Entries taken from a collection:
══════

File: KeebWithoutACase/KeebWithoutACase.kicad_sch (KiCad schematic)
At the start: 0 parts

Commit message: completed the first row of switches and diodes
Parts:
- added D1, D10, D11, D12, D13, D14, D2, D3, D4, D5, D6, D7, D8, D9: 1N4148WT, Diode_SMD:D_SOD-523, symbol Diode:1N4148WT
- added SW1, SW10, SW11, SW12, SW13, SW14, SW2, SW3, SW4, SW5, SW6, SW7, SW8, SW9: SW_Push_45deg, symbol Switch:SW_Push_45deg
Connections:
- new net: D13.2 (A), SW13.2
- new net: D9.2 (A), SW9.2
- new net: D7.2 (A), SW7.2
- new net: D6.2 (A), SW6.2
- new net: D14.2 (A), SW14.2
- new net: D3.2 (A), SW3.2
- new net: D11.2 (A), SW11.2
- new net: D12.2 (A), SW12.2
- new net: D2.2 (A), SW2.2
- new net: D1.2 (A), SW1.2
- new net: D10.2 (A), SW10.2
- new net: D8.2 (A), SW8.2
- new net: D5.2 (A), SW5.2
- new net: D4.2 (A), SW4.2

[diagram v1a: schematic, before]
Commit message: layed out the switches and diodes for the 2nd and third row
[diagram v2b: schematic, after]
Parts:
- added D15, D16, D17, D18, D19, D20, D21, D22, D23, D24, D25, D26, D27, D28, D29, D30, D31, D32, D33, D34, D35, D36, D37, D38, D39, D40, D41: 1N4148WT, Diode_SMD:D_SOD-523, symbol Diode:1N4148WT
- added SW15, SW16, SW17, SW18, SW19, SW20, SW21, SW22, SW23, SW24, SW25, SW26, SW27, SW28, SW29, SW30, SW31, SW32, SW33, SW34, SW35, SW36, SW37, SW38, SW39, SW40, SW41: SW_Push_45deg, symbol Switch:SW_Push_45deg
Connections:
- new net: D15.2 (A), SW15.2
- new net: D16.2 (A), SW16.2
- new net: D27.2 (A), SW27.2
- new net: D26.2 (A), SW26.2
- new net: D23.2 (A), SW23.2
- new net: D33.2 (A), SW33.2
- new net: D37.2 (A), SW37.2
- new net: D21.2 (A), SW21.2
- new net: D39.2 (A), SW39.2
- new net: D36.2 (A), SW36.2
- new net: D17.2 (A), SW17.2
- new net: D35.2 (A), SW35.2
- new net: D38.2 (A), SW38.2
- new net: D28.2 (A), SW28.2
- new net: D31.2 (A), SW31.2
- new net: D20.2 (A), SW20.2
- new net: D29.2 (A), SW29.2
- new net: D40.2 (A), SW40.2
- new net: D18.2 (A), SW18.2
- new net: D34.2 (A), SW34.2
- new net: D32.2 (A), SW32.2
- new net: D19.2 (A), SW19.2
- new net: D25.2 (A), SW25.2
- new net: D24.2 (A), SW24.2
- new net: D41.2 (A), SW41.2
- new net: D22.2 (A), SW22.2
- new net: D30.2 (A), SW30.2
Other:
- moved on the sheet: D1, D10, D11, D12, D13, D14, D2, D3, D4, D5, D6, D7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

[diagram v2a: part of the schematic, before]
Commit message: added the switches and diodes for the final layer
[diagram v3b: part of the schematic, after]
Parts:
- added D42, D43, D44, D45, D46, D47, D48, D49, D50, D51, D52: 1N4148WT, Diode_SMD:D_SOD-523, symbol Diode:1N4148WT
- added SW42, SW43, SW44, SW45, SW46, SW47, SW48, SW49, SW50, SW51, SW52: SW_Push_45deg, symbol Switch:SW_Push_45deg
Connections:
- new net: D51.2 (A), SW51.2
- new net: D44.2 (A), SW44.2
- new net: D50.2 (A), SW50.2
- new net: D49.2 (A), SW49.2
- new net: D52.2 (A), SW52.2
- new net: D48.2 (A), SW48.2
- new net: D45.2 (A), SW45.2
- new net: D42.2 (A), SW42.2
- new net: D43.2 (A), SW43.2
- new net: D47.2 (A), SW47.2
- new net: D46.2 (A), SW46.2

══════

TASK ITEM:
Nothing in the data may be omitted; transcribe it exactly.

RESULT OF THE TASK:
File: KeebWithoutACase/KeebWithoutACase.kicad_sch (KiCad schematic)
At the start: 0 parts

Commit message: completed the first row of switches and diodes
Parts:
- added D1, D10, D11, D12, D13, D14, D2, D3, D4, D5, D6, D7, D8, D9: 1N4148WT, Diode_SMD:D_SOD-523, symbol Diode:1N4148WT
- added SW1, SW10, SW11, SW12, SW13, SW14, SW2, SW3, SW4, SW5, SW6, SW7, SW8, SW9: SW_Push_45deg, symbol Switch:SW_Push_45deg
Connections:
- new net: D13.2 (A), SW13.2
- new net: D9.2 (A), SW9.2
- new net: D7.2 (A), SW7.2
- new net: D6.2 (A), SW6.2
- new net: D14.2 (A), SW14.2
- new net: D3.2 (A), SW3.2
- new net: D11.2 (A), SW11.2
- new net: D12.2 (A), SW12.2
- new net: D2.2 (A), SW2.2
- new net: D1.2 (A), SW1.2
- new net: D10.2 (A), SW10.2
- new net: D8.2 (A), SW8.2
- new net: D5.2 (A), SW5.2
- new net: D4.2 (A), SW4.2

[diagram v1a: schematic, before]
Commit message: layed out the switches and diodes for the 2nd and third row
[diagram v2b: schematic, after]
Parts:
- added D15, D16, D17, D18, D19, D20, D21, D22, D23, D24, D25, D26, D27, D28, D29, D30, D31, D32, D33, D34, D35, D36, D37, D38, D39, D40, D41: 1N4148WT, Diode_SMD:D_SOD-523, symbol Diode:1N4148WT
- added SW15, SW16, SW17, SW18, SW19, SW20, SW21, SW22, SW23, SW24, SW25, SW26, SW27, SW28, SW29, SW30, SW31, SW32, SW33, SW34, SW35, SW36, SW37, SW38, SW39, SW40, SW41: SW_Push_45deg, symbol Switch:SW_Push_45deg
Connections:
- new net: D15.2 (A), SW15.2
- new net: D16.2 (A), SW16.2
- new net: D27.2 (A), SW27.2
- new net: D26.2 (A), SW26.2
- new net: D23.2 (A), SW23.2
- new net: D33.2 (A), SW33.2
- new net: D37.2 (A), SW37.2
- new net: D21.2 (A), SW21.2
- new net: D39.2 (A), SW39.2
- new net: D36.2 (A), SW36.2
- new net: D17.2 (A), SW17.2
- new net: D35.2 (A), SW35.2
- new net: D38.2 (A), SW38.2
- new net: D28.2 (A), SW28.2
- new net: D31.2 (A), SW31.2
- new net: D20.2 (A), SW20.2
- new net: D29.2 (A), SW29.2
- new net: D40.2 (A), SW40.2
- new net: D18.2 (A), SW18.2
- new net: D34.2 (A), SW34.2
- new net: D32.2 (A), SW32.2
- new net: D19.2 (A), SW19.2
- new net: D25.2 (A), SW25.2
- new net: D24.2 (A), SW24.2
- new net: D41.2 (A), SW41.2
- new net: D22.2 (A), SW22.2
- new net: D30.2 (A), SW30.2
Other:
- moved on the sheet: D1, D10, D11, D12, D13, D14, D2, D3, D4, D5, D6, D7

[diagram v2a: part of the schematic, before]
Commit message: added the switches and diodes for the final layer
[diagram v3b: part of the schematic, after]
Parts:
- added D42, D43, D44, D45, D46, D47, D48, D49, D50, D51, D52: 1N4148WT, Diode_SMD:D_SOD-523, symbol Diode:1N4148WT
- added SW42, SW43, SW44, SW45, SW46, SW47, SW48, SW49, SW50, SW51, SW52: SW_Push_45deg, symbol Switch:SW_Push_45deg
Connections:
- new net: D51.2 (A), SW51.2
- new net: D44.2 (A), SW44.2
- new net: D50.2 (A), SW50.2
- new net: D49.2 (A), SW49.2
- new net: D52.2 (A), SW52.2
- new net: D48.2 (A), SW48.2
- new net: D45.2 (A), SW45.2
- new net: D42.2 (A), SW42.2
- new net: D43.2 (A), SW43.2
- new net: D47.2 (A), SW47.2
- new net: D46.2 (A), SW46.2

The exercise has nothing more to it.